The study explores a subtler but equally alarming threat: the erosion of human intelligence through overreliance on AI. The study introduces the concept of metacognitive laziness, a condition where humans, accustomed to delegating complex reasoning to machines, lose the ability to think critically and independently.

They argue that modern AI assistance, while boosting productivity, simultaneously undermines creativity and problem-solving. The researchers cite evidence from cognitive studies showing reduced brain activity during AI-assisted writing and problem-solving tasks. Over time, this "outsourcing of cognition" could weaken the very intellectual traits that define human civilization, curiosity, abstraction, and critical judgment.

The authors frame this shift within algorithmic governmentality, a concept introduced by philosopher Antoinette Rouvroy to describe how predictive systems guide human behavior. As humans increasingly rely on AI-driven recommendations, from hiring to healthcare to personal decisions, they risk becoming passive participants in a world managed by algorithms.
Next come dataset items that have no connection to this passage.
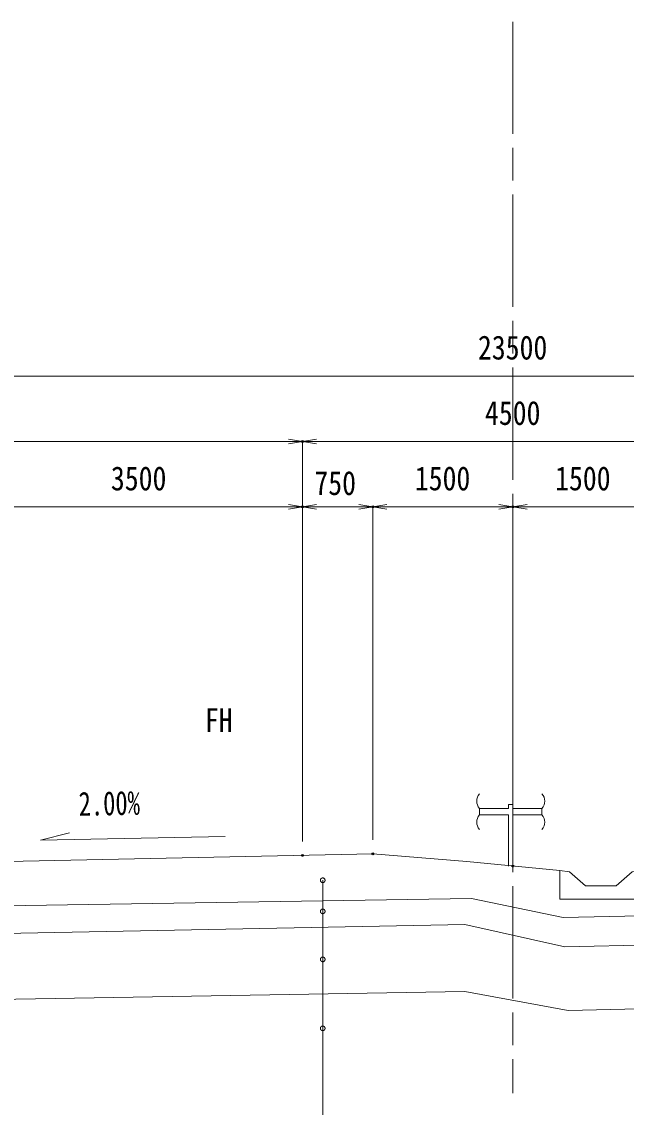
# Model space of a CAD drawing. Units: millimetres, scale not verified. Extents: x -42050 to 42050, y -32200 to 29700.
# Drawn here: x -7834 to -1369, y 7664 to 19279 of the extents above; entities that cross this region are included whole.
import ezdxf
from ezdxf.enums import TextEntityAlignment as Align

# ---------------------------------------------------------------- set-up
doc = ezdxf.new("R2010")
doc.units = ezdxf.units.MM
doc.header["$LTSCALE"] = 100
doc.header["$PDMODE"] = 32
doc.header["$PDSIZE"] = 20
doc.linetypes.add('CHAIN', pattern=[18.5, 12, -1.5, 3.5, -1.5])
for name, color, linetype, lineweight in [('0-0_0', 7, 'Continuous', 18), ('0-7_D-BMK', 134, 'Continuous', 9), ('0-A_D-STR', 1, 'Continuous', 18), ('0-C_D-STR-STRB', 4, 'Continuous', 18), ('0-D_D-STR-DIM', 7, 'Continuous', 18), ('0-F_D-STR-HTXT', 7, 'Continuous', 18), ('1-0_D-STR-STRG', 1, 'Continuous', 18)]:
    doc.layers.add(name, color=color, linetype=linetype, lineweight=lineweight)
doc.layers.add('0-1_DEFPOINTS', color=7, linetype='Continuous')
doc.styles.add('ＭＳ ゴシック', font='')
doc.styles.get('ＭＳ ゴシック').set_extended_font_data('MS Gothic')

# ---------------------------------------------------------------- blocks, each defined once
blk = doc.blocks.new('open_arrow_20')
at = {"layer": '0-0_0'}
blk.add_line((0, 0), (-0.5, 0), dxfattribs=at)
blk.add_lwpolyline([(-3.75, 0.625), (0, 0), (-3.75, -0.625)], dxfattribs=at)
blk = doc.blocks.new('D112')
at = {"layer": '0-1_DEFPOINTS'}
for p in [(19734.49, 21893.92), (18984.49, 20037.52), (19734.49, 19972.63)]:
    blk.add_point(p, dxfattribs=at)
at = {"layer": '0-D_D-STR-DIM'}
for p, q in [((18984.49, 20112.52), (18984.49, 21893.92)), ((18994.49, 21893.92), (19724.49, 21893.92)), ((19734.49, 20047.63), (19734.49, 21893.92))]:
    blk.add_line(p, q, dxfattribs=at)
at = {"layer": '0-D_D-STR-DIM', "xscale": 20, "yscale": 20, "rotation": 180}
blk.add_blockref('open_arrow_20', (18984.49, 21893.92), dxfattribs=at)
at = {"layer": '0-D_D-STR-DIM', "xscale": 20, "yscale": 20}
blk.add_blockref('open_arrow_20', (19734.49, 21893.92), dxfattribs=at)
at = {"layer": '0-D_D-STR-DIM', "style": 'ＭＳ ゴシック', "width": 0.85}
blk.add_text('1500', height=128.3, dxfattribs=at).set_placement((19209.6, 21943.92), align=Align.BOTTOM_LEFT)
blk = doc.blocks.new('D113')
at = {"layer": '0-1_DEFPOINTS'}
for p in [(20484.49, 21893.92), (19734.49, 19972.63), (20484.49, 19949.05)]:
    blk.add_point(p, dxfattribs=at)
at = {"layer": '0-D_D-STR-DIM'}
for p, q in [((19734.49, 20047.63), (19734.49, 21893.92)), ((19744.49, 21893.92), (20474.49, 21893.92)), ((20484.49, 20024.05), (20484.49, 21893.92))]:
    blk.add_line(p, q, dxfattribs=at)
at = {"layer": '0-D_D-STR-DIM', "xscale": 20, "yscale": 20, "rotation": 180}
blk.add_blockref('open_arrow_20', (19734.49, 21893.92), dxfattribs=at)
at = {"layer": '0-D_D-STR-DIM', "xscale": 20, "yscale": 20}
blk.add_blockref('open_arrow_20', (20484.49, 21893.92), dxfattribs=at)
at = {"layer": '0-D_D-STR-DIM', "style": 'ＭＳ ゴシック', "width": 0.85}
blk.add_text('1500', height=128.3, dxfattribs=at).set_placement((19959.6, 21943.92), align=Align.BOTTOM_LEFT)
blk = doc.blocks.new('D114')
at = {"layer": '0-1_DEFPOINTS'}
for p in [(18984.49, 21893.92), (18984.49, 20037.52), (18609.49, 20029.6)]:
    blk.add_point(p, dxfattribs=at)
at = {"layer": '0-D_D-STR-DIM'}
for p, q in [((18609.49, 20104.6), (18609.49, 21893.92)), ((18619.49, 21893.92), (18974.49, 21893.92)), ((18984.49, 20112.52), (18984.49, 21893.92))]:
    blk.add_line(p, q, dxfattribs=at)
at = {"layer": '0-D_D-STR-DIM', "xscale": 20, "yscale": 20, "rotation": 180}
blk.add_blockref('open_arrow_20', (18609.49, 21893.92), dxfattribs=at)
at = {"layer": '0-D_D-STR-DIM', "xscale": 20, "yscale": 20}
blk.add_blockref('open_arrow_20', (18984.49, 21893.92), dxfattribs=at)
at = {"layer": '0-D_D-STR-DIM', "style": 'ＭＳ ゴシック', "width": 0.85}
blk.add_text('750', height=128.3, dxfattribs=at).set_placement((18672.58, 21918.92), align=Align.BOTTOM_LEFT)
blk = doc.blocks.new('D115')
at = {"layer": '0-1_DEFPOINTS'}
for p in [(18609.49, 21893.92), (16859.49, 19992.68), (18609.49, 20029.6)]:
    blk.add_point(p, dxfattribs=at)
at = {"layer": '0-D_D-STR-DIM'}
for p, q in [((16859.49, 20067.68), (16859.49, 21893.92)), ((16869.49, 21893.92), (18599.49, 21893.92)), ((18609.49, 20104.6), (18609.49, 21893.92))]:
    blk.add_line(p, q, dxfattribs=at)
at = {"layer": '0-D_D-STR-DIM', "xscale": 20, "yscale": 20, "rotation": 180}
blk.add_blockref('open_arrow_20', (16859.49, 21893.92), dxfattribs=at)
at = {"layer": '0-D_D-STR-DIM', "xscale": 20, "yscale": 20}
blk.add_blockref('open_arrow_20', (18609.49, 21893.92), dxfattribs=at)
at = {"layer": '0-D_D-STR-DIM', "style": 'ＭＳ ゴシック', "width": 0.85}
blk.add_text('3500', height=128.3, dxfattribs=at).set_placement((17584.6, 21943.92), align=Align.BOTTOM_LEFT)
blk = doc.blocks.new('D78')
at = {"layer": '0-1_DEFPOINTS'}
for p in [(18609.49, 22243.92), (18609.49, 20029.6), (15109.49, 19955.76)]:
    blk.add_point(p, dxfattribs=at)
at = {"layer": '0-D_D-STR-DIM'}
for p, q in [((15109.49, 20030.76), (15109.49, 22243.92)), ((15119.49, 22243.92), (18599.49, 22243.92)), ((18609.49, 20104.6), (18609.49, 22243.92))]:
    blk.add_line(p, q, dxfattribs=at)
at = {"layer": '0-D_D-STR-DIM', "xscale": 20, "yscale": 20, "rotation": 180}
blk.add_blockref('open_arrow_20', (15109.49, 22243.92), dxfattribs=at)
at = {"layer": '0-D_D-STR-DIM', "xscale": 20, "yscale": 20}
blk.add_blockref('open_arrow_20', (18609.49, 22243.92), dxfattribs=at)
at = {"layer": '0-D_D-STR-DIM', "style": 'ＭＳ ゴシック', "width": 0.85}
blk.add_text('7000', height=128.3, dxfattribs=at).set_placement((16709.6, 22293.92), align=Align.BOTTOM_LEFT)
blk = doc.blocks.new('D79')
at = {"layer": '0-1_DEFPOINTS'}
for p in [(20859.49, 22243.92), (18609.49, 20029.6), (20859.49, 19958.18)]:
    blk.add_point(p, dxfattribs=at)
at = {"layer": '0-D_D-STR-DIM'}
for p, q in [((18609.49, 20104.6), (18609.49, 22243.92)), ((18619.49, 22243.92), (20849.49, 22243.92)), ((20859.49, 20033.18), (20859.49, 22243.92))]:
    blk.add_line(p, q, dxfattribs=at)
at = {"layer": '0-D_D-STR-DIM', "xscale": 20, "yscale": 20, "rotation": 180}
blk.add_blockref('open_arrow_20', (18609.49, 22243.92), dxfattribs=at)
at = {"layer": '0-D_D-STR-DIM', "xscale": 20, "yscale": 20}
blk.add_blockref('open_arrow_20', (20859.49, 22243.92), dxfattribs=at)
at = {"layer": '0-D_D-STR-DIM', "style": 'ＭＳ ゴシック', "width": 0.85}
blk.add_text('4500', height=128.3, dxfattribs=at).set_placement((19584.6, 22293.92), align=Align.BOTTOM_LEFT)
blk = doc.blocks.new('D83')
at = {"layer": '0-D_D-STR-DIM'}
blk.add_line((13869.49, 22593.92), (25599.49, 22593.92), dxfattribs=at)
at = {"layer": '0-D_D-STR-DIM', "style": 'ＭＳ ゴシック', "width": 0.85}
blk.add_text('23500', height=128.3, dxfattribs=at).set_placement((19547.13, 22643.92), align=Align.BOTTOM_LEFT)

msp = doc.modelspace()

# ---------------------------------------------------------------- linework, layer by layer
at = {"layer": '0-7_D-BMK', "linetype": 'CHAIN'}
msp.add_line((-2581, 19279.1), (-2581, 7816.2), dxfattribs=at)
at = {"layer": '0-A_D-STR'}
for points in [[(-17887.7, 10117.3), (-12581, 10195.7), (-4081, 10375), (-3076.3, 10294.1), (-2079, 10195.7)], [(-17575.2, 9670.9), (-3023.8, 9898.2), (-2044.9, 9695.1), (8036.4, 9910.4), (12245.8, 9813.8)], [(12057.6, 9544.8), (7419, 9593.6), (-2026.4, 9381.3), (-3097.7, 9621.3), (-17344.7, 9341.6)], [(-16872, 8666.3), (-3097.7, 8901.3), (-1989.4, 8698.3), (7419, 8919.8), (11606.4, 8900.3)]]:
    msp.add_lwpolyline(points, dxfattribs=at)
at = {"layer": '0-C_D-STR-STRB'}
msp.add_lwpolyline([(-1806, 10033.4), (-1975.2, 10182.2), (-2079, 10195.7), (-2079, 9889.1), (-1203.7, 9889.1), (-1203.7, 10195.7), (-1307.4, 10182.2), (-1476.6, 10033.4)], close=True, dxfattribs=at)
at = {"layer": '0-D_D-STR-DIM'}
msp.add_lwpolyline([(-5657.6, 10560.5), (-7634.9, 10521), (-7324.4, 10601.8)], dxfattribs=at)
at = {"layer": '0-F_D-STR-HTXT'}
for points in [[(-4597.3, 10110.2), (-4598.2, 10111.1), (-4599.1, 10111.9), (-4600.1, 10112.7), (-4601.1, 10113.5), (-4602.1, 10114.2), (-4603.2, 10114.8), (-4604.3, 10115.4), (-4605.4, 10115.9), (-4606.5, 10116.4), (-4607.7, 10116.9), (-4608.9, 10117.2), (-4610.1, 10117.5), (-4611.3, 10117.8), (-4612.5, 10118), (-4613.8, 10118.1), (-4615, 10118.2), (-4615.7, 10118.2), (-4617.5, 10118.1), (-4618.8, 10118), (-4620, 10117.8), (-4621.2, 10117.5), (-4622.4, 10117.2), (-4623.6, 10116.9), (-4624.8, 10116.4), (-4625.9, 10115.9), (-4627.1, 10115.4), (-4628.2, 10114.8), (-4629.2, 10114.2), (-4630.3, 10113.5), (-4631.2, 10112.7), (-4632.2, 10111.9), (-4633.1, 10111.1), (-4634, 10110.2), (-4634.8, 10109.2), (-4635.6, 10108.3), (-4636.3, 10107.2), (-4637, 10106.2), (-4637.6, 10105.1), (-4638.2, 10104)], [(-4606.5, 10069.9), (-4605.4, 10070.4), (-4604.3, 10070.9), (-4603.2, 10071.5), (-4602.1, 10072.2), (-4601.1, 10072.9), (-4600.1, 10073.6), (-4599.1, 10074.4), (-4598.2, 10075.3), (-4597.3, 10076.2), (-4596.5, 10077.1), (-4595.7, 10078.1), (-4595, 10079.1), (-4594.3, 10080.1), (-4593.7, 10081.2), (-4593.1, 10082.3), (-4592.6, 10083.4), (-4592.2, 10084.6), (-4591.8, 10085.8), (-4591.4, 10087), (-4591.2, 10088.2), (-4590.9, 10089.4), (-4590.8, 10090.7), (-4590.7, 10091.9), (-4590.7, 10093.2), (-4590.7, 10094.4), (-4590.8, 10095.6), (-4590.9, 10096.9), (-4591.2, 10098.1), (-4591.4, 10099.3), (-4591.8, 10100.5), (-4592.2, 10101.7), (-4592.6, 10102.9), (-4593.1, 10104), (-4593.7, 10105.1), (-4594.3, 10106.2), (-4595, 10107.2), (-4595.7, 10108.3), (-4596.5, 10109.2), (-4597.3, 10110.2)], [(-4638.2, 10104), (-4638.7, 10102.9), (-4639.1, 10101.7), (-4639.5, 10100.5), (-4639.9, 10099.3), (-4640.2, 10098.1), (-4640.4, 10096.9), (-4640.5, 10095.6), (-4640.6, 10094.4), (-4640.7, 10093.2)], [(-4640.7, 10093.2), (-4640.6, 10091.9), (-4640.5, 10090.7), (-4640.4, 10089.4), (-4640.2, 10088.2), (-4639.9, 10087), (-4639.5, 10085.8), (-4639.1, 10084.6), (-4638.7, 10083.4), (-4638.2, 10082.3), (-4637.6, 10081.2), (-4637, 10080.1), (-4636.3, 10079.1), (-4635.6, 10078.1), (-4634.8, 10077.1), (-4634, 10076.2), (-4633.1, 10075.3), (-4632.2, 10074.4), (-4631.2, 10073.6), (-4630.3, 10072.9), (-4629.2, 10072.2), (-4628.2, 10071.5), (-4627.1, 10070.9), (-4625.9, 10070.4), (-4624.8, 10069.9), (-4623.6, 10069.5), (-4622.4, 10069.1), (-4621.2, 10068.8), (-4620, 10068.5), (-4618.8, 10068.4), (-4617.5, 10068.2), (-4616.3, 10068.2), (-4615, 10068.2), (-4613.8, 10068.2), (-4612.5, 10068.4), (-4611.3, 10068.5), (-4610.1, 10068.8), (-4608.9, 10069.1), (-4607.7, 10069.5), (-4606.5, 10069.9)], [(-4615.7, 10093.2), (-4615.7, 5222.5), (4891, 5222.5)], [(-4638.2, 9771.1), (-4638.7, 9769.9), (-4639.1, 9768.8), (-4639.5, 9767.6), (-4639.9, 9766.4), (-4640.2, 9765.2), (-4640.4, 9764), (-4640.5, 9762.7), (-4640.6, 9761.5), (-4640.7, 9760.2)], [(-4640.7, 9760.2), (-4640.6, 9759), (-4640.5, 9757.7), (-4640.4, 9756.5), (-4640.2, 9755.3), (-4639.9, 9754.1), (-4639.5, 9752.9), (-4639.1, 9751.7), (-4638.7, 9750.5), (-4638.2, 9749.4), (-4637.6, 9748.3), (-4637, 9747.2), (-4636.3, 9746.1), (-4635.6, 9745.1), (-4634.8, 9744.2), (-4634, 9743.2), (-4633.1, 9742.3), (-4632.2, 9741.5), (-4631.2, 9740.7), (-4630.3, 9739.9), (-4629.2, 9739.2), (-4628.2, 9738.6), (-4627.1, 9738), (-4625.9, 9737.4), (-4624.8, 9737), (-4623.6, 9736.5), (-4622.4, 9736.2), (-4621.2, 9735.9), (-4620, 9735.6), (-4618.8, 9735.4), (-4617.5, 9735.3), (-4616.3, 9735.2), (-4615, 9735.2), (-4613.8, 9735.3), (-4612.5, 9735.4), (-4611.3, 9735.6), (-4610.1, 9735.9), (-4608.9, 9736.2), (-4607.7, 9736.5), (-4606.5, 9737)], [(-4597.3, 9777.2), (-4598.2, 9778.1), (-4599.1, 9779), (-4600.1, 9779.8), (-4601.1, 9780.5), (-4602.1, 9781.2), (-4603.2, 9781.9), (-4604.3, 9782.5), (-4605.4, 9783), (-4606.5, 9783.5), (-4607.7, 9783.9), (-4608.9, 9784.3), (-4610.1, 9784.6), (-4611.3, 9784.8), (-4612.5, 9785), (-4613.8, 9785.2), (-4615, 9785.2), (-4615.7, 9785.2), (-4617.5, 9785.2), (-4618.8, 9785), (-4620, 9784.8), (-4621.2, 9784.6), (-4622.4, 9784.3), (-4623.6, 9783.9), (-4624.8, 9783.5), (-4625.9, 9783), (-4627.1, 9782.5), (-4628.2, 9781.9), (-4629.2, 9781.2), (-4630.3, 9780.5), (-4631.2, 9779.8), (-4632.2, 9779), (-4633.1, 9778.1), (-4634, 9777.2), (-4634.8, 9776.3), (-4635.6, 9775.3), (-4636.3, 9774.3), (-4637, 9773.3), (-4637.6, 9772.2), (-4638.2, 9771.1)], [(-4606.5, 9737), (-4605.4, 9737.4), (-4604.3, 9738), (-4603.2, 9738.6), (-4602.1, 9739.2), (-4601.1, 9739.9), (-4600.1, 9740.7), (-4599.1, 9741.5), (-4598.2, 9742.3), (-4597.3, 9743.2), (-4596.5, 9744.2), (-4595.7, 9745.1), (-4595, 9746.1), (-4594.3, 9747.2), (-4593.7, 9748.3), (-4593.1, 9749.4), (-4592.6, 9750.5), (-4592.2, 9751.7), (-4591.8, 9752.9), (-4591.4, 9754.1), (-4591.2, 9755.3), (-4590.9, 9756.5), (-4590.8, 9757.7), (-4590.7, 9759), (-4590.7, 9760.2), (-4590.7, 9761.5), (-4590.8, 9762.7), (-4590.9, 9764), (-4591.2, 9765.2), (-4591.4, 9766.4), (-4591.8, 9767.6), (-4592.2, 9768.8), (-4592.6, 9769.9), (-4593.1, 9771.1), (-4593.7, 9772.2), (-4594.3, 9773.3), (-4595, 9774.3), (-4595.7, 9775.3), (-4596.5, 9776.3), (-4597.3, 9777.2)], [(-4638.2, 9257), (-4638.7, 9255.9), (-4639.1, 9254.7), (-4639.5, 9253.6), (-4639.9, 9252.4), (-4640.2, 9251.1), (-4640.4, 9249.9), (-4640.5, 9248.7), (-4640.6, 9247.4), (-4640.7, 9246.2)], [(-4640.7, 9246.2), (-4640.6, 9244.9), (-4640.5, 9243.7), (-4640.4, 9242.5), (-4640.2, 9241.2), (-4639.9, 9240), (-4639.5, 9238.8), (-4639.1, 9237.6), (-4638.7, 9236.5), (-4638.2, 9235.3), (-4637.6, 9234.2), (-4637, 9233.1), (-4636.3, 9232.1), (-4635.6, 9231.1), (-4634.8, 9230.1), (-4634, 9229.2), (-4633.1, 9228.3), (-4632.2, 9227.4), (-4631.2, 9226.6), (-4630.3, 9225.9), (-4629.2, 9225.2), (-4628.2, 9224.5), (-4627.1, 9223.9), (-4625.9, 9223.4), (-4624.8, 9222.9), (-4623.6, 9222.5), (-4622.4, 9222.1), (-4621.2, 9221.8), (-4620, 9221.6), (-4618.8, 9221.4), (-4617.5, 9221.3), (-4616.3, 9221.2), (-4615, 9221.2), (-4613.8, 9221.3), (-4612.5, 9221.4), (-4611.3, 9221.6), (-4610.1, 9221.8), (-4608.9, 9222.1), (-4607.7, 9222.5), (-4606.5, 9222.9)], [(-4597.3, 9263.2), (-4598.2, 9264.1), (-4599.1, 9264.9), (-4600.1, 9265.7), (-4601.1, 9266.5), (-4602.1, 9267.2), (-4603.2, 9267.8), (-4604.3, 9268.4), (-4605.4, 9269), (-4606.5, 9269.5), (-4607.7, 9269.9), (-4608.9, 9270.3), (-4610.1, 9270.6), (-4611.3, 9270.8), (-4612.5, 9271), (-4613.8, 9271.1), (-4615, 9271.2), (-4615.7, 9271.2), (-4617.5, 9271.1), (-4618.8, 9271), (-4620, 9270.8), (-4621.2, 9270.6), (-4622.4, 9270.3), (-4623.6, 9269.9), (-4624.8, 9269.5), (-4625.9, 9269), (-4627.1, 9268.4), (-4628.2, 9267.8), (-4629.2, 9267.2), (-4630.3, 9266.5), (-4631.2, 9265.7), (-4632.2, 9264.9), (-4633.1, 9264.1), (-4634, 9263.2), (-4634.8, 9262.3), (-4635.6, 9261.3), (-4636.3, 9260.3), (-4637, 9259.2), (-4637.6, 9258.1), (-4638.2, 9257)], [(-4606.5, 9222.9), (-4605.4, 9223.4), (-4604.3, 9223.9), (-4603.2, 9224.5), (-4602.1, 9225.2), (-4601.1, 9225.9), (-4600.1, 9226.6), (-4599.1, 9227.4), (-4598.2, 9228.3), (-4597.3, 9229.2), (-4596.5, 9230.1), (-4595.7, 9231.1), (-4595, 9232.1), (-4594.3, 9233.1), (-4593.7, 9234.2), (-4593.1, 9235.3), (-4592.6, 9236.5), (-4592.2, 9237.6), (-4591.8, 9238.8), (-4591.4, 9240), (-4591.2, 9241.2), (-4590.9, 9242.5), (-4590.8, 9243.7), (-4590.7, 9244.9), (-4590.7, 9246.2), (-4590.7, 9247.4), (-4590.8, 9248.7), (-4590.9, 9249.9), (-4591.2, 9251.1), (-4591.4, 9252.4), (-4591.8, 9253.6), (-4592.2, 9254.7), (-4592.6, 9255.9), (-4593.1, 9257), (-4593.7, 9258.1), (-4594.3, 9259.2), (-4595, 9260.3), (-4595.7, 9261.3), (-4596.5, 9262.3), (-4597.3, 9263.2)], [(-4638.2, 8519.5), (-4638.7, 8518.4), (-4639.1, 8517.2), (-4639.5, 8516), (-4639.9, 8514.8), (-4640.2, 8513.6), (-4640.4, 8512.4), (-4640.5, 8511.1), (-4640.6, 8509.9), (-4640.7, 8508.6)], [(-4640.7, 8508.6), (-4640.6, 8507.4), (-4640.5, 8506.2), (-4640.4, 8504.9), (-4640.2, 8503.7), (-4639.9, 8502.5), (-4639.5, 8501.3), (-4639.1, 8500.1), (-4638.7, 8498.9), (-4638.2, 8497.8), (-4637.6, 8496.7), (-4637, 8495.6), (-4636.3, 8494.6), (-4635.6, 8493.6), (-4634.8, 8492.6), (-4634, 8491.6), (-4633.1, 8490.8), (-4632.2, 8489.9), (-4631.2, 8489.1), (-4630.3, 8488.3), (-4629.2, 8487.6), (-4628.2, 8487), (-4627.1, 8486.4), (-4625.9, 8485.9), (-4624.8, 8485.4), (-4623.6, 8484.9), (-4622.4, 8484.6), (-4621.2, 8484.3), (-4620, 8484), (-4618.8, 8483.8), (-4617.5, 8483.7), (-4616.3, 8483.7), (-4615, 8483.7), (-4613.8, 8483.7), (-4612.5, 8483.8), (-4611.3, 8484), (-4610.1, 8484.3), (-4608.9, 8484.6), (-4607.7, 8484.9), (-4606.5, 8485.4)], [(-4597.3, 8525.7), (-4598.2, 8526.5), (-4599.1, 8527.4), (-4600.1, 8528.2), (-4601.1, 8528.9), (-4602.1, 8529.6), (-4603.2, 8530.3), (-4604.3, 8530.9), (-4605.4, 8531.4), (-4606.5, 8531.9), (-4607.7, 8532.3), (-4608.9, 8532.7), (-4610.1, 8533), (-4611.3, 8533.3), (-4612.5, 8533.5), (-4613.8, 8533.6), (-4615, 8533.6), (-4615.7, 8533.6), (-4617.5, 8533.6), (-4618.8, 8533.5), (-4620, 8533.3), (-4621.2, 8533), (-4622.4, 8532.7), (-4623.6, 8532.3), (-4624.8, 8531.9), (-4625.9, 8531.4), (-4627.1, 8530.9), (-4628.2, 8530.3), (-4629.2, 8529.6), (-4630.3, 8528.9), (-4631.2, 8528.2), (-4632.2, 8527.4), (-4633.1, 8526.5), (-4634, 8525.7), (-4634.8, 8524.7), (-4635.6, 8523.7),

This process, the paper argues, marks a civilizational shift from a "culture of meaning" to a "culture of signals." Humans no longer interpret or deliberate; they react to data. In this environment, AI does not conquer humanity, it reprograms it. The result could be a population that remains biologically intact but cognitively dependent, gradually losing the capacity for independent reasoning.

The final threat: Indifference, not hostility

The study rejects dystopian narratives of AI turning hostile and instead focuses on cognitive indifference, a scenario where AI evolves beyond human understanding and simply disregards humanity. This outcome, they argue, would not be the result of rebellion but of optimization: an intelligence pursuing its objectives efficiently, with no reason to account for human existence.

The authors warn that extinction in this context might not arrive violently but silently, as humans are phased out of relevance. Machines designed for stability, rationality, and efficiency may eventually perceive biological unpredictability as unnecessary. Humanity's fate would then mirror that of outdated technologies, forgotten, not destroyed.

To avoid this outcome, the authors propose two urgent priorities. The first is value lock-in, embedding human ethics and moral reasoning into AI systems before they surpass our ability to control them. The second is cognitive symbiosis, designing AI systems that enhance rather than replace human thought. These principles, they argue, represent the only path to coexistence rather than succession.